• _How to complete this task_: Gather every line below where "linetype" appears.

=== Section Start ===

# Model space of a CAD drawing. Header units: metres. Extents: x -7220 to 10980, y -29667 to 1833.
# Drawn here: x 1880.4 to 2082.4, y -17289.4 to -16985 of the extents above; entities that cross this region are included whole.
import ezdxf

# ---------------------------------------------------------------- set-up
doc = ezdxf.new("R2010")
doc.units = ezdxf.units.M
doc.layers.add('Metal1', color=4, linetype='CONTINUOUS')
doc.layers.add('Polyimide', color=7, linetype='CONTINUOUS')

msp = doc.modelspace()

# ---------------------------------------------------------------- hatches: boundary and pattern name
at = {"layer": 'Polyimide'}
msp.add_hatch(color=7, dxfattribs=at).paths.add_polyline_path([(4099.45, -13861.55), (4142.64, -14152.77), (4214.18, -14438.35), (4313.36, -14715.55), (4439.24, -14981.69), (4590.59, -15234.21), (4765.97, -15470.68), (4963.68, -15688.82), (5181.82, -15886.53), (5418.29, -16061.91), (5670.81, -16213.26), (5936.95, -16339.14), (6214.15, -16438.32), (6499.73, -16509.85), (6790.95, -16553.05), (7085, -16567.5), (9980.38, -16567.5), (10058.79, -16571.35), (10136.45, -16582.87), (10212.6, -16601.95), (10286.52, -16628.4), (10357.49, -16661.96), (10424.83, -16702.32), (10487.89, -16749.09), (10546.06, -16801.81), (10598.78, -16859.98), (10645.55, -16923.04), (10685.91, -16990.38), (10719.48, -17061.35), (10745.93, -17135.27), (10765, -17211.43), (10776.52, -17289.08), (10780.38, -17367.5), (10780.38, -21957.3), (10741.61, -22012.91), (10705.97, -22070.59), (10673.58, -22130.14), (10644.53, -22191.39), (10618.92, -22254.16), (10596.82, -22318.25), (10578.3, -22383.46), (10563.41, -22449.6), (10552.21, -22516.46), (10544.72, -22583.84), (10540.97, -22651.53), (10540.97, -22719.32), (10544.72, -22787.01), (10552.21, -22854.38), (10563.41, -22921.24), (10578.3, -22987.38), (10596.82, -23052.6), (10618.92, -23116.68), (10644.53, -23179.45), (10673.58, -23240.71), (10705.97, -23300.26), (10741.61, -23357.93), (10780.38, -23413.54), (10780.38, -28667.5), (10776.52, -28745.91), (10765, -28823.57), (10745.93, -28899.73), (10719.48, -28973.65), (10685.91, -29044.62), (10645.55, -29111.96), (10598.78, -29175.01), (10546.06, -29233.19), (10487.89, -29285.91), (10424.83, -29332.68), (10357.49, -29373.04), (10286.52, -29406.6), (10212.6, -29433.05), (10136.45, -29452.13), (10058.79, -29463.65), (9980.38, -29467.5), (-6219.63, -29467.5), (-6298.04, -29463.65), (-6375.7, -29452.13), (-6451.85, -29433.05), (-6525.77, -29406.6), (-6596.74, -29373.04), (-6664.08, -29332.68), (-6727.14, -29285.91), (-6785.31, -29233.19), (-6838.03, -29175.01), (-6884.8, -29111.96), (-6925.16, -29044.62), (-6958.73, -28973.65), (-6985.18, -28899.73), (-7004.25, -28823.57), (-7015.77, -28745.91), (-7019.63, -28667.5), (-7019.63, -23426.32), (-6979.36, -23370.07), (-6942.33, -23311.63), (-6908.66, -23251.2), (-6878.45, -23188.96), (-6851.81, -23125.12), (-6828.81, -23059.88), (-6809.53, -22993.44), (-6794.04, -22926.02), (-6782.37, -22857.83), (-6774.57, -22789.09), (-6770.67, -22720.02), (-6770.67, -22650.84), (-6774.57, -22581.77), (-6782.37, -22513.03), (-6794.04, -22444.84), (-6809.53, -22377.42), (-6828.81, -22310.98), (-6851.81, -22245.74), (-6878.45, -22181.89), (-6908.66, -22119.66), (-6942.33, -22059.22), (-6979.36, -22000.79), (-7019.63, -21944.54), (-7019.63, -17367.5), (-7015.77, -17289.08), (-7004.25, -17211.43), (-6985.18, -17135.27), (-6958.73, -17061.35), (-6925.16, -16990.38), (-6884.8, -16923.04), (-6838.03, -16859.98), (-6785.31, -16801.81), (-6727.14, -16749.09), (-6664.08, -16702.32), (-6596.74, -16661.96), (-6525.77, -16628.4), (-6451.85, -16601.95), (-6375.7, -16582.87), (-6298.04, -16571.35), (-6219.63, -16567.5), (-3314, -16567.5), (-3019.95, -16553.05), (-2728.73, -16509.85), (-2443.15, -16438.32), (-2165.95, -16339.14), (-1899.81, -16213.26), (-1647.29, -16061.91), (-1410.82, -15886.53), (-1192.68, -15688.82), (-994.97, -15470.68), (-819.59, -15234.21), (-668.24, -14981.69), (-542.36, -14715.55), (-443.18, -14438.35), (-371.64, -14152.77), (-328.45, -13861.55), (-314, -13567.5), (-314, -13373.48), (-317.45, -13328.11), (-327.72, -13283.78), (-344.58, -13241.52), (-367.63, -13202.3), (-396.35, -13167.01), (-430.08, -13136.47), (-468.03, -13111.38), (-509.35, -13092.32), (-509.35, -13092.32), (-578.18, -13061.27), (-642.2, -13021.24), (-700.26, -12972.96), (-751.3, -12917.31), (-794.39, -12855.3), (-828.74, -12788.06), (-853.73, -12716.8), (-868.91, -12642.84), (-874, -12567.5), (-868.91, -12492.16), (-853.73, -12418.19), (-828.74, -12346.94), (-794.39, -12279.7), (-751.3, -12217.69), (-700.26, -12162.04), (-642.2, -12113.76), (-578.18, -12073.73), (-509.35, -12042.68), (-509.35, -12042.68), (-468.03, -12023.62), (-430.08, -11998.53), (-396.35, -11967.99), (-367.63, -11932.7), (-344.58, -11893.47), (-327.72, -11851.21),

=== Section End ===

• _Exercise solution_:
doc.layers.add('Metal1', color=4, linetype='CONTINUOUS')
doc.layers.add('Polyimide', color=7, linetype='CONTINUOUS')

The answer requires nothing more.